Finally, on top of its other advantages, the solid-polymer Li-ion system is environmentally friendlier than other batteries, especially the nickel-based chemistries. The materials used in the solid-polymer Li-ion system, including the metal oxide in the cathode, are benign. Solid-polymer batteries do not require any special handling, and do not face any regulation of transport or disposal.
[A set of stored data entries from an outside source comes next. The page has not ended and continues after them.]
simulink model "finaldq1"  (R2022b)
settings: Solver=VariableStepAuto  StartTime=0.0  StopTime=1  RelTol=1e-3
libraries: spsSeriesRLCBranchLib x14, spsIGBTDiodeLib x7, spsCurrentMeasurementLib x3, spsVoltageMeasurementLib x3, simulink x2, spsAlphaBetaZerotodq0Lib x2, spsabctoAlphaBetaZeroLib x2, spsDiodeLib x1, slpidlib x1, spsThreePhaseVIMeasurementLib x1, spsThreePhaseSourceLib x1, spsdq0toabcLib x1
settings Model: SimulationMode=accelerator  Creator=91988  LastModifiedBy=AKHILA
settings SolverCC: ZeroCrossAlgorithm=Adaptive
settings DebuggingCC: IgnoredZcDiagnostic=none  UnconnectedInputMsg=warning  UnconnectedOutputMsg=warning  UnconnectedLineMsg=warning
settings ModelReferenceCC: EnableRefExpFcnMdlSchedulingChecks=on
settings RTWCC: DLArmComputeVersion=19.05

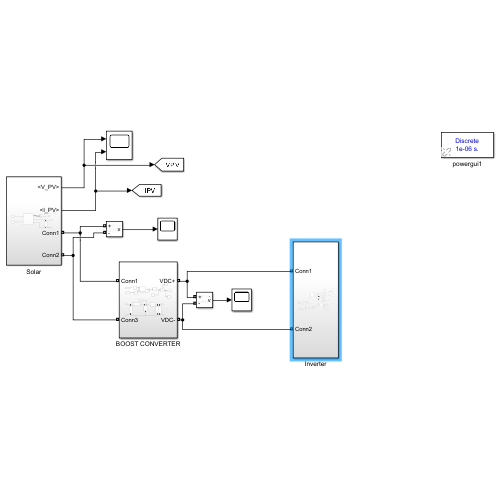
[thumbnail: Simulink's stored preview of the top-level diagram]
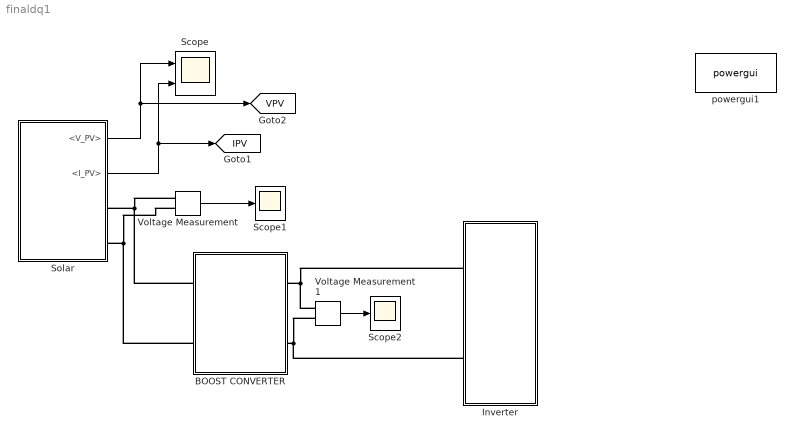
== system finaldq1 ==
  BOOST CONVERTER : Subsystem
  Inverter : Subsystem
  Scope : Scope  NumInputPorts=2
  Scope1 : Scope
  Scope2 : Scope
  Solar : Subsystem
  Voltage Measurement : spsVoltageMeasurementLib/Voltage Measurement  PhasorSimulation=off  OutputType=Complex  PSBequivalent=0
  Voltage Measurement1 : spsVoltageMeasurementLib/Voltage Measurement  PhasorSimulation=off  OutputType=Complex  PSBequivalent=0
  powergui1 : spspowerguiLib/powergui  Priority=1  SimulationMode=Discrete  SampleTime=1e-06  frequency=60  Iterations=50  frequencyindice=0  Pbase=100e6  ErrMax=1e-4  UnitsV=kV  UnitsW=MW  buscounter=0  FunctionMessages=off  echomessages=off  EnableUseOfTLC=off  CurrentSourceSwitches=off  DisableSnubberDevices=off  DisableRonSwitches=off  DisableVfSwitches=off  DisplayEquations=off  AutomaticDiscreteSolvers=off  SolverType=Tustin/Backward Euler (TBE)  Interpol=off  ExternalGateDelay=off  methode=off  Ts=100  x0status=blocks  SPID=on  SwTol=0  HookPort=off  NonlinearTolerance=1e-4  nMaxIteration=100  ContinueOnMaxIteration=off  RestoreLinks=warning  ResistiveCurrentMeasurement=off  Frange=[0:2:500]  Ylog=off  Xlog=on  ShowGrid=off  save=off  variable=ZData  structure=0  ZoomFFT=off  StartTime=0.0  cycles=1  DisplayStyle=1  fundamental=60  FreqAxis=off  MaxFrequency=1000  frequencyindicesteady=1  RmsSteady=1  display=off
  tag scope: IPV=global, VPV=global
  wires:
  Voltage Measurement/1 -> Scope1/1
  Voltage Measurement1/1 -> Scope2/1
  Solar/2(<I_PV>) -> [IPV], Scope/2
  Solar/1(<V_PV>) -> [VPV], Scope/1
  connections:
  Voltage Measurement1/LConn1 -- Inverter/LConn1 -- BOOST CONVERTER/RConn1
  Voltage Measurement1/LConn2 -- Inverter/LConn2 -- BOOST CONVERTER/RConn2
  Voltage Measurement/LConn2 -- BOOST CONVERTER/LConn2 -- Solar/RConn2
  BOOST CONVERTER/LConn1 -- Voltage Measurement/LConn1 -- Solar/RConn1

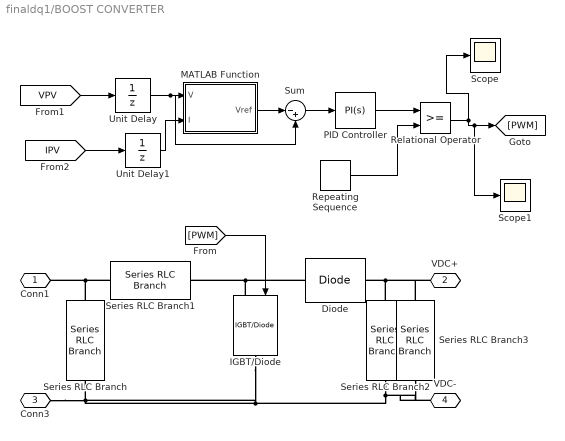
== system finaldq1/BOOST CONVERTER ==
  Diode : spsDiodeLib/Diode  Ron=0.001  Lon=0  Vf=0.8  IC=0  UseSnubber=0  Rs=500  Cs=250e-9  Measurements=off
  IGBT/Diode : spsIGBTDiodeLib/IGBT//Diode  Ron=1e-3  Rs=1e5  Cs=inf  Measurements=off
  MATLAB Function : MATLAB Function  TreatAsAtomicUnit=on
  PID Controller : slpidlib/PID Controller  Controller=PI  Form=Parallel  TimeDomain=Continuous-time  UseExternalTs=off  SampleTime=-1  IntegratorMethod=Forward Euler  FilterMethod=Forward Euler  ControllerParametersSource=internal  P=0.001  I=0.01  UseKiTs=off  D=0  N=100  UseFilter=on  TunerSelectOption=Transfer Function Based (PID Tuner App)  InitialConditionSource=internal  InitialConditionForIntegrator=0  InitialConditionForFilter=0  DifferentiatorICPrevScaledInput=0  ExternalReset=none  TrackingMode=off  Kt=1  LimitOutput=on  SatLimitsSource=internal  UpperSaturationLimit=0.95  LowerSaturationLimit=0  LinearizeAsGain=on  AntiWindupMode=none  Kb=1  LimitIntegrator=off  UpperIntegratorSaturationLimit=inf  LowerIntegratorSaturationLimit=-inf  POutMin=[]  POutMax=[]  IOutMin=[]  IOutMax=[]  DOutMin=[]  DOutMax=[]  NOutMin=[]  NOutMax=[]  SumOutMin=[]  SumOutMax=[]  SaturationOutMin=[]  SaturationOutMax=[]  PParamMin=[]  PParamMax=[]  IParamMin=[]  IParamMax=[]  DParamMin=[]  DParamMax=[]  NParamMin=[]  NParamMax=[]  KbParamMin=[]  KbParamMax=[]  KtParamMin=[]  KtParamMax=[]  KbOutMin=[]  KbOutMax=[]  KtOutMin=[]  KtOutMax=[]  IntegratorOutMin=[]  IntegratorOutMax=[]  FilterOutMin=[]  FilterOutMax=[]  SumI1OutMin=[]  SumI1OutMax=[]  SumI2OutMin=[]  SumI2OutMax=[]  SumI3OutMin=[]  SumI3OutMax=[]  SumI4OutMin=[]  SumI4OutMax=[]  SumDOutMin=[]  SumDOutMax=[]  DifferentiatorOutMin=[]  DifferentiatorOutMax=[]  FilterDiffOutCoefMin=[]  FilterDiffOutCoefMax=[]  ReciprocalOutMin=[]  ReciprocalOutMax=[]  SumDenOutMin=[]  SumDenOutMax=[]  SumNumOutMin=[]  SumNumOutMax=[]  DivideOutMin=[]  DivideOutMax=[]  UdiffTsProdOutMin=[]  UdiffTsProdOutMax=[]  NTsProdOutMin=[]  NTsProdOutMax=[]  UintegralTsProdOutMin=[]  UintegralTsProdOutMax=[]  UngainTsProdOutMin=[]  UngainTsProdOutMax=[]  ClampingZeroOutDataTypeStr=Inherit: Inherit via back propagation  ClampingZeroOutMin=[]  ClampingZeroOutMax=[]  FilterDenConstantOutDataTypeStr=Inherit: Inherit via back propagation  FilterDenConstantOutMin=[]  FilterDenConstantOutMax=[]  PCopyOutDataTypeStr=Inherit: Inherit via back propagation  PCopyOutMin=[]  PCopyOutMax=[]  NCopyOutDataTypeStr=Inherit: Inherit via back propagation  NCopyOutMin=[]  NCopyOutMax=[]  IntegratorContinuousStateAttributes=''  IntegratorStateMustResolveToSignalObject=off  IntegratorRTWStateStorageClass=Auto  FilterContinuousStateAttributes=''  FilterStateMustResolveToSignalObject=off  FilterRTWStateStorageClass=Auto  ParallelPVariant=InternalParameters  IdealPVariant=Disabled  IVariant=InternalParameters  DVariant=Disabled  IntegratorVariant=Continuous  SatVariant=Enabled  AWVariant=Passthrough  PCopyVariant=Disabled  TRVariant=Disabled  FdbkBlocksVariant=Forward  IdealPFdbkVariant=Disabled  SatFdbkVariant=Disabled  DerivativeFilterVariant=Disabled  NVariant=Disabled  NCopyVariant=Disabled_SignalSpec  FilterICVariant=Disabled  IntegratorICVariant=InternalICs  ExternalResetVariant=Disabled  TRSumVariant=Passthrough  SumFdbkVariant=Disabled  SumVariant=Sum_PI  TsampFilterVariant=InternalTs  TsampNgainVariant=Passthrough  TsampIntegralVariant=Passthrough  ExternalSaturationOutDataTypeStr=Inherit: Same as second input
  Relational Operator : RelationalOperator  OutDataTypeStr=boolean  RndMeth=Simplest  InputSameDT=off
  Repeating Sequence : simulink/Sources/Repeating Sequence  rep_seq_t=[0 0.0002]  rep_seq_y=[0 1]
  Scope : Scope
  Scope1 : Scope
  Series RLC Branch : spsSeriesRLCBranchLib/Series RLC Branch  LConnTagsString=__new0  RConnTagsString=__new0  BranchType=RC  Resistance=0.0001  Inductance=1e-3  SetiL0=off  InitialCurrent=0  Capacitance=1000e-6  Setx0=off  InitialVoltage=0  Measurements=None
  Series RLC Branch1 : spsSeriesRLCBranchLib/Series RLC Branch  LConnTagsString=__new0  RConnTagsString=__new0  BranchType=L  Resistance=1e-3  Inductance=1.45e-6  SetiL0=off  InitialCurrent=0  Capacitance=1000e-6  Setx0=off  InitialVoltage=0  Measurements=None
  Series RLC Branch2 : spsSeriesRLCBranchLib/Series RLC Branch  LConnTagsString=__new0  RConnTagsString=__new0  BranchType=C  Resistance=1e-3  Inductance=1.45e-3  SetiL0=off  InitialCurrent=0  Capacitance=3227e-6  Setx0=off  InitialVoltage=0  Measurements=None
  Series RLC Branch3 : spsSeriesRLCBranchLib/Series RLC Branch  LConnTagsString=__new0  RConnTagsString=__new0  BranchType=R  Resistance=210  Inductance=1.45e-3  SetiL0=off  InitialCurrent=0  Capacitance=3227e-6  Setx0=off  InitialVoltage=0  Measurements=None
  Sum : Sum  Inputs=|-+
  Unit Delay : UnitDelay  SampleTime=1e-06  HasFrameUpgradeWarning=on
  Unit Delay1 : UnitDelay  SampleTime=1e-06  HasFrameUpgradeWarning=on
  Conn1 : PMIOPort  Side=Left
  VDC+ : PMIOPort  Port=2  Side=Right
  Conn3 : PMIOPort  Port=3  Side=Left
  VDC- : PMIOPort  Port=4  Side=Right
  wires:
  [PWM] -> IGBT/Diode/1
  Repeating Sequence/1 -> Relational Operator/2
  [VPV] -> Unit Delay/1
  MATLAB Function/1(Vref) -> Sum/1
  PID Controller/1 -> Relational Operator/1
  [IPV] -> Unit Delay1/1
  Sum/1 -> PID Controller/1
  Relational Operator/1 -> Scope1/1, [PWM], Scope/1
  Unit Delay/1 -> Sum/2, MATLAB Function/1(V)
  Unit Delay1/1 -> MATLAB Function/2(I)
  connections:
  Conn3/RConn1 -- Series RLC Branch/RConn1 -- Series RLC Branch3/LConn1 -- VDC-/RConn1 -- Series RLC Branch2/LConn1 -- IGBT/Diode/RConn1
  Series RLC Branch/LConn1 -- Conn1/RConn1 -- Series RLC Branch1/RConn1
  IGBT/Diode/LConn1 -- Series RLC Branch1/LConn1 -- Diode/LConn1
  Series RLC Branch2/RConn1 -- Series RLC Branch3/RConn1 -- VDC+/RConn1 -- Diode/RConn1

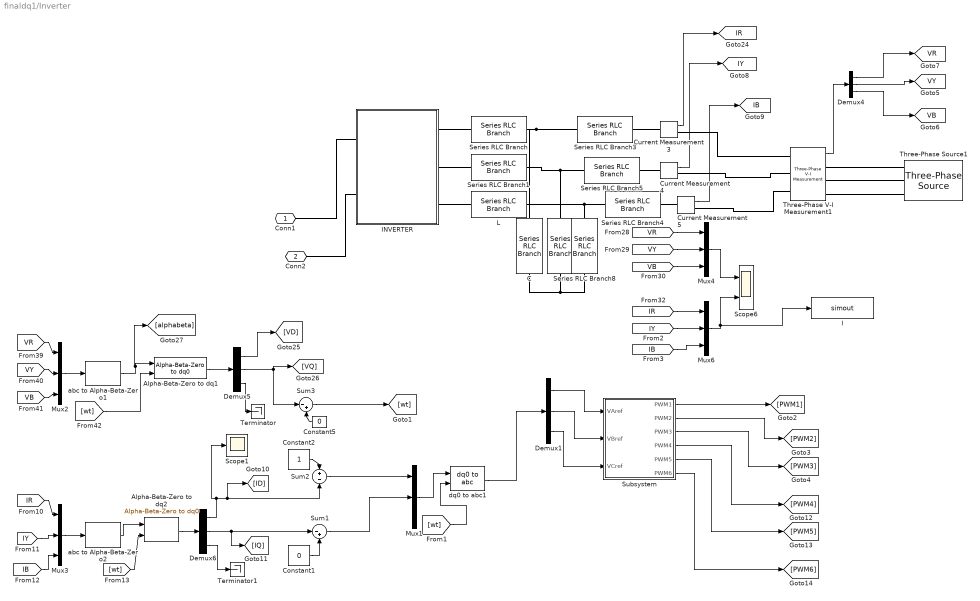
== system finaldq1/Inverter ==
  " " : spsSeriesRLCBranchLib/Series RLC Branch  LConnTagsString=__new0  RConnTagsString=__new0  BranchType=C  Resistance=1  Inductance=500e-6  SetiL0=off  InitialCurrent=0  Capacitance=1e-6  Setx0=off  InitialVoltage=0  Measurements=None
  "    C" : spsSeriesRLCBranchLib/Series RLC Branch  LConnTagsString=__new0  RConnTagsString=__new0  BranchType=C  Resistance=1  Inductance=500e-6  SetiL0=off  InitialCurrent=0  Capacitance=1e-6  Setx0=off  InitialVoltage=0  Measurements=None
  Alpha-Beta-Zero to dq1 : spsAlphaBetaZerotodq0Lib/Alpha-Beta-Zero to dq0  Alignment=90 degrees behind phase A axis
  Alpha-Beta-Zero to dq2 : spsAlphaBetaZerotodq0Lib/Alpha-Beta-Zero to dq0  Alignment=90 degrees behind phase A axis
  Constant1 : Constant  Value=0
  Constant2 : Constant
  Constant5 : Constant  Value=0
  Current Measurement3 : spsCurrentMeasurementLib/Current Measurement  PhasorSimulation=off  OutputType=Complex  PSBequivalent=0
  Current Measurement4 : spsCurrentMeasurementLib/Current Measurement  PhasorSimulation=off  OutputType=Complex  PSBequivalent=0
  Current Measurement5 : spsCurrentMeasurementLib/Current Measurement  PhasorSimulation=off  OutputType=Complex  PSBequivalent=0
  Demux{1,4..6} (4 alike) : Demux  Outputs=3
  I : ToWorkspace  VariableName=simout  SaveFormat=Timeseries  SampleTime=-1
  INVERTER : Subsystem
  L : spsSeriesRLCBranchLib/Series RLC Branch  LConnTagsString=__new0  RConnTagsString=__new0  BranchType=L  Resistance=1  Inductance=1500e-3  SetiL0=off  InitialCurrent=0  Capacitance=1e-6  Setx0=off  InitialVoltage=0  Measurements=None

Part of the industry's confusion over the different types of lithium-based rechargeable batteries may stem from a rechargeable lithium-metal (Li-metal) technology that has struggled to achieve commercial acceptability. Rechargeable Li-metal is a holy grail of sorts because it offers an extremely high energy-density potential, which is theoretically approximately 150 Wh/kg and more than 300 Wh/liter. But while metallic lithium works extremely well in primary batteries, a truly viable rechargeable Li-metal technology has been elusive. Lithium in its metallic form is a highly reactive substance that presents unique difficulties in rechargeable configurations. Repeated charge/discharge cycles can cause a buildup of surface irregularities on the lithium electrode. These irregular structures, known as dendrites, can grow to such an extent that they penetrate the separator between positive and negative electrodes and create an internal short circuit. At best, this phenomenon shortens the useful life of a rechargeable Li-metal battery to 150 cycles or less. At worst, an internal short circuit could cause the battery's internal temperature to rise above lithium's melting point (181°C), which could cause severe flaming.
It is almost impossible to safeguard rechargeable Li-metal batteries against potential catastrophic failure under extreme abuse conditions. And without adequate safeguards, rechargeable Li-metal batteries are high-risk items, especially for consumer products.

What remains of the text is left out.